We employ a constrained nonlinear optimization approach
to achieve the optimal coefficients. Different grid space
ratios (i.e., different 𝑟1, 𝑟2, 𝑟3 and 𝑟4 ) lead to different
optimal coefficients. In this study, 𝑟𝑖 (𝑖 = 1,2,3,4) varies
from 1 to 5 with an interval of 0.5. Therefore, a “dictionary”
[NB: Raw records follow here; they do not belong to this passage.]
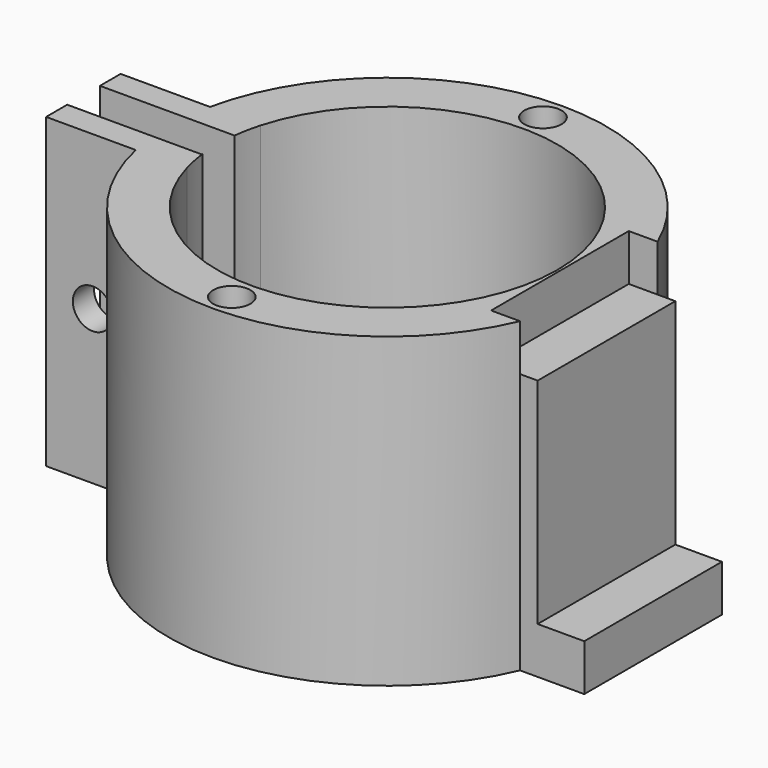
from build123d import *

# Parameters (mm, degrees)
F1_DEPTH  = 33
F3_W      = 1.8808413297
F3_H      = 18.471846357
F4_DEPTH  = 33
F5_R      = 2
F6_DEPTH  = 3
F7_W      = 18.471846357
F7_H      = 5
F8_DEPTH  = 5
F9_DEPTH  = 5
F2_R      = 2.125
F10_DEPTH = 25


# Not quite as in the source:
# - a feature names something its author has since deleted; it is built from what else it names


with BuildPart() as f1:
    # F0 (on Top) → F1 (new body)
    with BuildSketch(Plane.XY):
        with BuildLine():
            ThreePointArc((-23.401635828, 2.1478921234), (-23.2315061267, 3.5421918479), (-22.9783775489, 4.9238364331))
            Line((-22.9783775489, 4.9238364331), (-32.5732277849, 4.9238364331))
            Line((-32.5732277849, 4.9238364331), (-32.5732277849, 2.1478921234))
            Line((-32.5732277849, 2.1478921234), (-23.401635828, 2.1478921234))
        make_face()
        with BuildLine():
            Line((-32.5732277849, -5.0761635669), (-22.9452078535, -5.0761635669))
            ThreePointArc((-22.9452078535, -5.0761635669), (-23.2124017724, -3.6652972535), (-23.3929275249, -2.2407458164))
            Line((-23.3929275249, -2.2407458164), (-32.5732277849, -2.2407458164))
            Line((-32.5732277849, -2.2407458164), (-32.5732277849, -5.0761635669))
        make_face()
        with BuildLine():
            ThreePointArc((-22.9452078535, -5.0761635669), (2.55319559, -23.3608902287), (23.5, 0))
            ThreePointArc((23.5, 0), (2.4756946097, 23.3692305436), (-22.9783775489, 4.9238364331))
            Line((-22.9783775489, 4.9238364331), (-17.5732277849, 4.9238364331))
            ThreePointArc((-17.5732277849, 4.9238364331), (2.4850646798, 18.080015308), (18.25, 0))
            ThreePointArc((18.25, 0), (2.4850646798, -18.080015308), (-17.5732277849, -4.9238364331))
            Line((-17.5732277849, -4.9238364331), (-17.5732277849, -5.0761635669))
            Line((-17.5732277849, -5.0761635669), (-22.9452078535, -5.0761635669))
        make_face()
        with BuildLine():
            Line((-17.5732277849, 4.9238364331), (-22.9783775489, 4.9238364331))
            ThreePointArc((-22.9783775489, 4.9238364331), (-23.2315061267, 3.5421918479), (-23.401635828, 2.1478921234))
            Line((-23.401635828, 2.1478921234), (-18.1231636153, 2.1478921234))
            ThreePointArc((-18.1231636153, 2.1478921234), (-17.9020824613, 3.5465396584), (-17.5732277849, 4.9238364331))
        make_face()
        with BuildLine():
            ThreePointArc((-23.3929275249, -2.2407458164), (-23.2124017724, -3.6652972535), (-22.9452078535, -5.0761635669))
            Line((-22.9452078535, -5.0761635669), (-17.5732277849, -5.0761635669))
            Line((-17.5732277849, -5.0761635669), (-17.5732277849, -4.9238364331))
            ThreePointArc((-17.5732277849, -4.9238364331), (-17.9020824613, -3.5465396584), (-18.1231636153, -2.1478921234))
            Line((-18.1231636153, -2.1478921234), (-18.1231636153, -2.2407458164))
            Line((-18.1231636153, -2.2407458164), (-23.3929275249, -2.2407458164))
        make_face()
    extrude(amount=F1_DEPTH)

    # F3 (on Top) → F4 (join)
    with BuildSketch(Plane.XY):
        with Locations((22.5681019947, 0.0180900097)):
            Rectangle(F3_W, F3_H)
    extrude(amount=F4_DEPTH)

    # F5 (on face) → F6 (cut)
    with BuildSketch(Plane.XY.offset(33)):
        with Locations((0, 20.875)):
            Circle(F5_R)
        with Locations((0, -20.875)):
            Circle(F5_R)
    extrude(amount=-F6_DEPTH, mode=Mode.SUBTRACT)

    # F7 (on face) → F8 (cut)
    with BuildSketch(Plane.YZ.offset(23.5085226595)):
        with Locations((0.0180900097, 30.5)):
            Rectangle(F7_W, F7_H)
    extrude(amount=-F8_DEPTH, mode=Mode.SUBTRACT)

    # F7 (on face) → F9 (join)
    with BuildSketch(Plane.YZ.offset(23.5085226595)):
        with Locations((0.0180900097, 2.5)):
            Rectangle(F7_W, F7_H)
    extrude(amount=F9_DEPTH)

    # F2 (on face) → F10 (cut)
    with BuildSketch(Plane.XZ.offset(5.0761635669)):
        with Locations((-27.5732277849, 16.5)):
            Circle(F2_R)
    extrude(amount=-F10_DEPTH, mode=Mode.SUBTRACT)


solid = f1.part
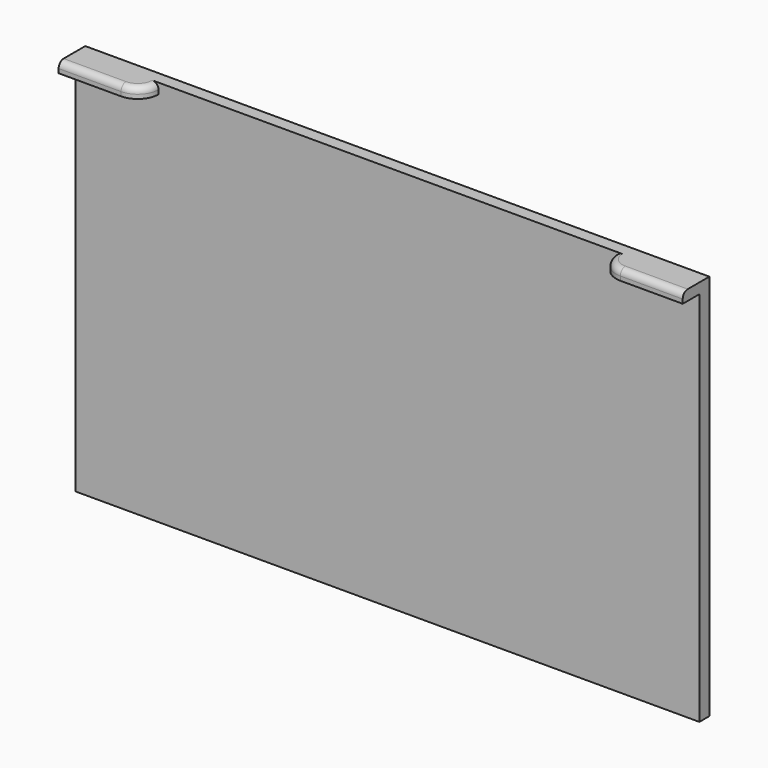
from build123d import *

# Parameters (mm, degrees)
F0_W     = 150
F0_H     = 93
F1_DEPTH = 3
F2_W     = 20
F2_H     = 2.5
F3_DEPTH = 5
F4_R     = 4.99999
F5_R     = 1.5


# Not quite as in the source:
# - a fillet or chamfer is up to 0.001 mm smaller than in the source, because OpenCascade refuses the exact size


with BuildPart() as f1:
    # F0 (on Front) → F1 (new body)
    with BuildSketch(Plane.XZ):
        with Locations((75, 46.5)):
            Rectangle(F0_W, F0_H)
    extrude(amount=F1_DEPTH)

    # F2 (on face) → F3 (join)
    with BuildSketch(Plane.XZ.offset(3)):
        with Locations((10, 91.75)):
            Rectangle(F2_W, F2_H)
        with Locations((140, 91.75)):
            Rectangle(F2_W, F2_H)
    extrude(amount=F3_DEPTH)

    # F4 (radius 5 in the source; OpenCascade refuses exactly that, so slightly less here)
    f4_edges = [f1.edges().sort_by_distance(p)[0] for p in [
        (20, -8, 91.75),
        (130, -8, 91.75),
    ]]
    fillet(f4_edges, radius=F4_R)

    # F5
    f5_edges = [f1.edges().sort_by_distance(p)[0] for p in [
        (7.500005, -8, 93),
        (142.499995, -8, 93),
    ]]
    fillet(f5_edges, radius=F5_R)


solid = f1.part
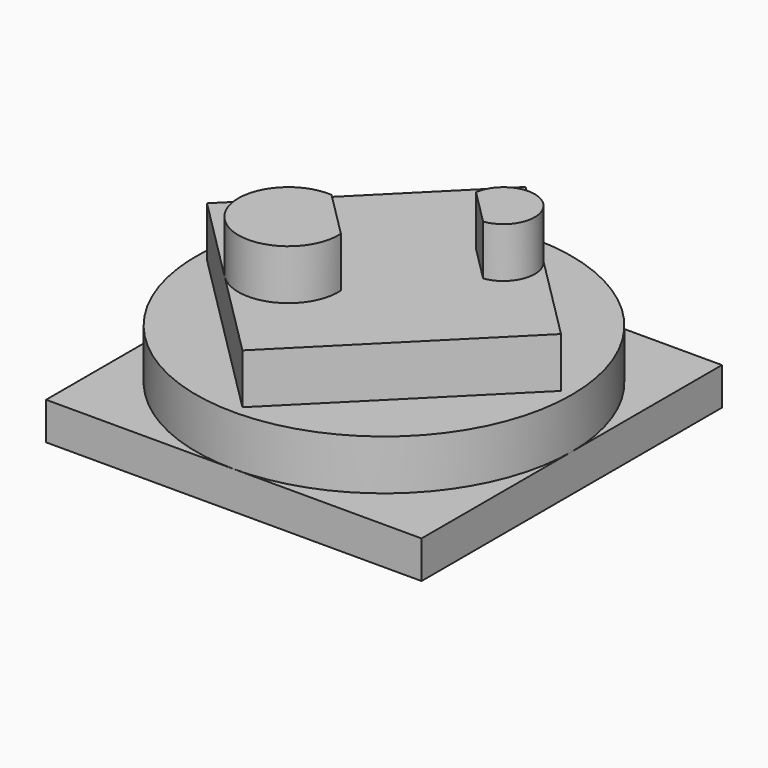
from build123d import *

# Parameters (mm, degrees)
F0_W     = 30
F0_H     = 30
F1_DEPTH = 3
F2_R     = 15
F3_DEPTH = 4
F5_DEPTH = 4
F7_DEPTH = 4


# Not quite as in the source:
# - a feature names something its author has since deleted; it is built from what else it names


with BuildPart() as f1:
    # F0 (on Top) → F1 (new body)
    with BuildSketch(Plane.XY):
        Rectangle(F0_W, F0_H)
    extrude(amount=F1_DEPTH)

    # F2 (on face) → F3 (join)
    with BuildSketch(Plane.XY.offset(3)):
        Circle(F2_R)
    extrude(amount=F3_DEPTH)

    # F4 (on face) → F5 (join)
    with BuildSketch(Plane.XY.offset(7)):
        Polygon((14.1421356237, 0), (0, 14.1421356237), (-14.1421356237, 0), (0, -14.1421356237), align=None)
    extrude(amount=F5_DEPTH)

    # F6 (on face) → F7 (join)
    with BuildSketch(Plane.XY.offset(11)):
        with BuildLine():
            Line((2.8284271247, 5.6568542495), (5.6568542495, 2.8284271247))
            ThreePointArc((5.6568542495, 2.8284271247), (7.0710678119, 7.0710678119), (2.8284271247, 5.6568542495))
        make_face()
        with BuildLine():
            Line((-0.2504916502, -3.9921490369), (-3.9921490369, -0.2504916502))
            ThreePointArc((-3.9921490369, -0.2504916502), (-7.0710678119, -7.0710678119), (-0.2504916502, -3.9921490369))
        make_face()
    extrude(amount=F7_DEPTH)


solid = f1.part
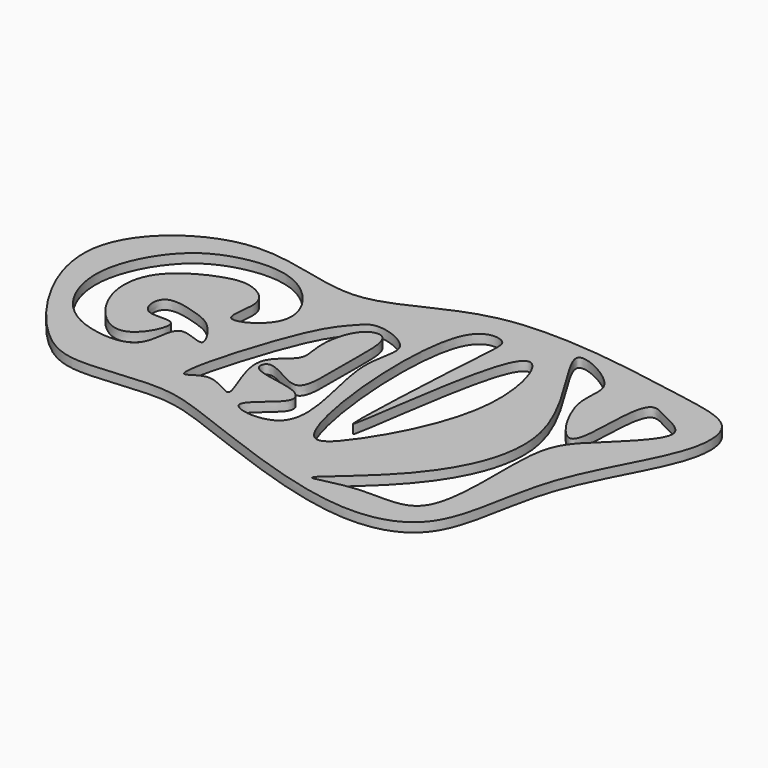
from build123d import *

# Parameters (mm, degrees)
F1_DEPTH = 5
F3_SCALE = 0.23


# Not quite as in the source:
# - a feature names something its author has since deleted; it is built from what else it names


with BuildPart() as f1:
    # F0 (on Top) → F1 (new body)
    with BuildSketch(Plane.XY):
        with BuildLine():
            add(Edge.make_bspline(
                [(299.1526722908, 323.0784237385), (274.741297579, 317.7973106885), (241.6552621715, 288.3027220251), (174.6561440066, 324.4303302875), (100.8407748129, 268.4649814376), (156.7674642815, 186.3116869244), (185.7324239145, 178.5277009697), (226.1707484356, 185.3868960132), (256.0578422928, 176.6418628219), (348.0516956151, 138.1310389921), (403.8224652859, 152.4437889707), (404.1484862835, 221.437686785), (441.7834657542, 274.608521823), (440.4545733731, 309.8452976444), (400.1148772466, 316.2758146237), (330.3168429715, 329.8204245647), (299.1526722908, 323.0784237385)],
                knots=[0, 0, 0, 0, 0.0765098554, 0.1538063765, 0.232258661, 0.3185876279, 0.3708037843, 0.4288031062, 0.4838122847, 0.5788917757, 0.6439585446, 0.7189607313, 0.796776055, 0.8454986106, 0.9023256076, 1, 1, 1, 1], degree=3))
        make_face()
        with BuildLine():
            add(Edge.make_bspline(
                [(226.7263020449, 199.5824126484), (223.4576288788, 202.786391877), (242.1999725363, 266.5677697188), (254.9145889572, 278.8865041127), (262.2909315988, 288.3151160053), (290.8198837548, 277.7046283826), (274.3932370472, 253.1572964006), (304.9409766216, 182.6462111975), (249.2001381077, 189.2102738309), (282.2021647662, 207.2813126016), (273.0104797985, 219.5491142599), (244.7923070222, 219.8121758246), (249.5684914386, 234.1886770838), (276.8869616896, 210.4946765653), (273.6219951966, 248.512588351), (276.7354158182, 282.053506119), (259.2033811273, 279.3122075457), (253.762364876, 255.811330661), (260.1649557791, 240.1490025527), (236.0654816291, 231.1378453304), (261.5056115576, 187.1467772907), (236.7501491374, 209.3350521643), (228.0747030749, 198.2606993193), (226.7263020449, 199.5824126484)],
                knots=[0, 0, 0, 0, 0.0828937124, 0.1308044326, 0.162120507, 0.209668973, 0.2608236325, 0.3408590433, 0.3905134761, 0.4381462453, 0.470498726, 0.5218879901, 0.5458835427, 0.5938746477, 0.6467827945, 0.7047251559, 0.7363843276, 0.7852002992, 0.8240810053, 0.8679177748, 0.9244345861, 0.9658044835, 1, 1, 1, 1], degree=3))
        make_face(mode=Mode.SUBTRACT)
        with BuildLine():
            add(Edge.make_bspline(
                [(209.8892042679, 269.8180302978), (208.7391356913, 275.6904528202), (198.2996826517, 282.1228271055), (184.4603080574, 280.7879675176), (154.881065232, 266.2225276434), (153.5011906417, 232.3077326247), (183.0296869747, 202.8430171081), (200.5101768899, 238.9914929912), (175.9333386204, 229.9797622421), (173.4325463009, 252.7590006492), (196.2162419723, 246.5162755468), (207.3140331244, 242.1999747822), (220.5981134819, 220.7979000543), (195.2467628131, 236.7300207175), (199.6007343954, 205.4106041471), (170.5913017144, 204.9089331269), (147.341051391, 217.3252499023), (135.0289416593, 250.412145169), (152.2943006175, 286.015422634), (177.499382771, 299.9227596674), (214.2694685831, 301.4527181362), (239.9833012028, 263.595362143), (203.5262003375, 244.0591017529), (211.1221596549, 263.5223752981), (209.8892042679, 269.8180302978)],
                knots=[0, 0, 0, 0, 0.0380651676, 0.0740988442, 0.1265193827, 0.1803922784, 0.2333369623, 0.2774756756, 0.3142296108, 0.3483184172, 0.3887194127, 0.4269446592, 0.4629599231, 0.4988968041, 0.5412781193, 0.5870720719, 0.6364206556, 0.6910847872, 0.7495727059, 0.8005680131, 0.8572782298, 0.9141073466, 0.9591914305, 1, 1, 1, 1], degree=3))
        make_face(mode=Mode.SUBTRACT)
        with BuildLine():
            add(Edge.make_bspline(
                [(298.3174920082, 302.3189604282), (302.6997885354, 310.2313695533), (316.914777746, 309.6989205916), (315.0880893818, 294.5653440912), (307.2984114695, 150.554089505), (321.9774488212, 289.0746952033), (338.4053423789, 307.6769167334), (354.0074026958, 255.0484992427), (325.3854707834, 199.7493760856), (297.29510477, 171.5239700843), (286.6295899339, 281.2159925089), (298.3174920082, 302.3189604282)],
                knots=[0, 0, 0, 0, 0.0671618297, 0.1342935011, 0.2885453965, 0.4394658231, 0.5059876178, 0.6135217323, 0.7521623528, 0.8208745383, 1, 1, 1, 1], degree=3))
        make_face(mode=Mode.SUBTRACT)
        with BuildLine():
            add(Edge.make_bspline(
                [(372.602917254, 304.0657788515), (367.4411923009, 311.0944849221), (326.8209510066, 331.53281104), (401.3140745104, 248.3245923877), (360.4250959964, 183.2250523588), (318.0265408159, 152.8555238781), (352.3695619063, 166.3020741455), (394.9323531346, 155.3824192087), (384.2421996806, 238.9066187979), (400.1111024667, 257.3689215259), (433.3189122381, 287.0655246284), (412.0651962212, 296.1954629907), (399.2583506311, 304.2206475385), (396.4259826336, 281.424061096), (397.0614821118, 240.9163112112), (369.1074517704, 285.2091693505), (377.1958170977, 297.8116403016), (372.602917254, 304.0657788515)],
                knots=[0, 0, 0, 0, 0.0609975824, 0.1595570064, 0.263227794, 0.3302440429, 0.3846953289, 0.4524289392, 0.5485219976, 0.6116810214, 0.6805869671, 0.7276284801, 0.7665743202, 0.8193722618, 0.8785679043, 0.9457243869, 1, 1, 1, 1], degree=3))
        make_face(mode=Mode.SUBTRACT)
    extrude(amount=F1_DEPTH)


with BuildPart() as f1_1:
    # F3: moved
    add(f1.part.scale(F3_SCALE).moved(Location((35.1951662451, 30.7942508906, 0))))


solid = f1_1.part

composed by 9 × 9 × 9 × 9 groups of optimal coefficients
is obtained. For every discrete point, we can select the
corresponding coefficients from the “dictionary” according
to the ratio of maximal grid space and four girds spaces
around it.
Here we choose four groups of optimal coefficients among
the huge “dictionary” randomly. The normalized phase
velocity curves are illustrated in Figure 2 and their
corresponding grid spaces ratios is shown in Table 1. Due
to the limited space, values of the four groups of optimal
coefficients are not shown. From Figure 2 and Table 1, we
can observe that the phase error is influenced slightly by
different grid spaces ratios. Nevertheless, for all grid spaces
ratios, the phase errors in different directions are within
±0.5% even if the number of grid points is small as four.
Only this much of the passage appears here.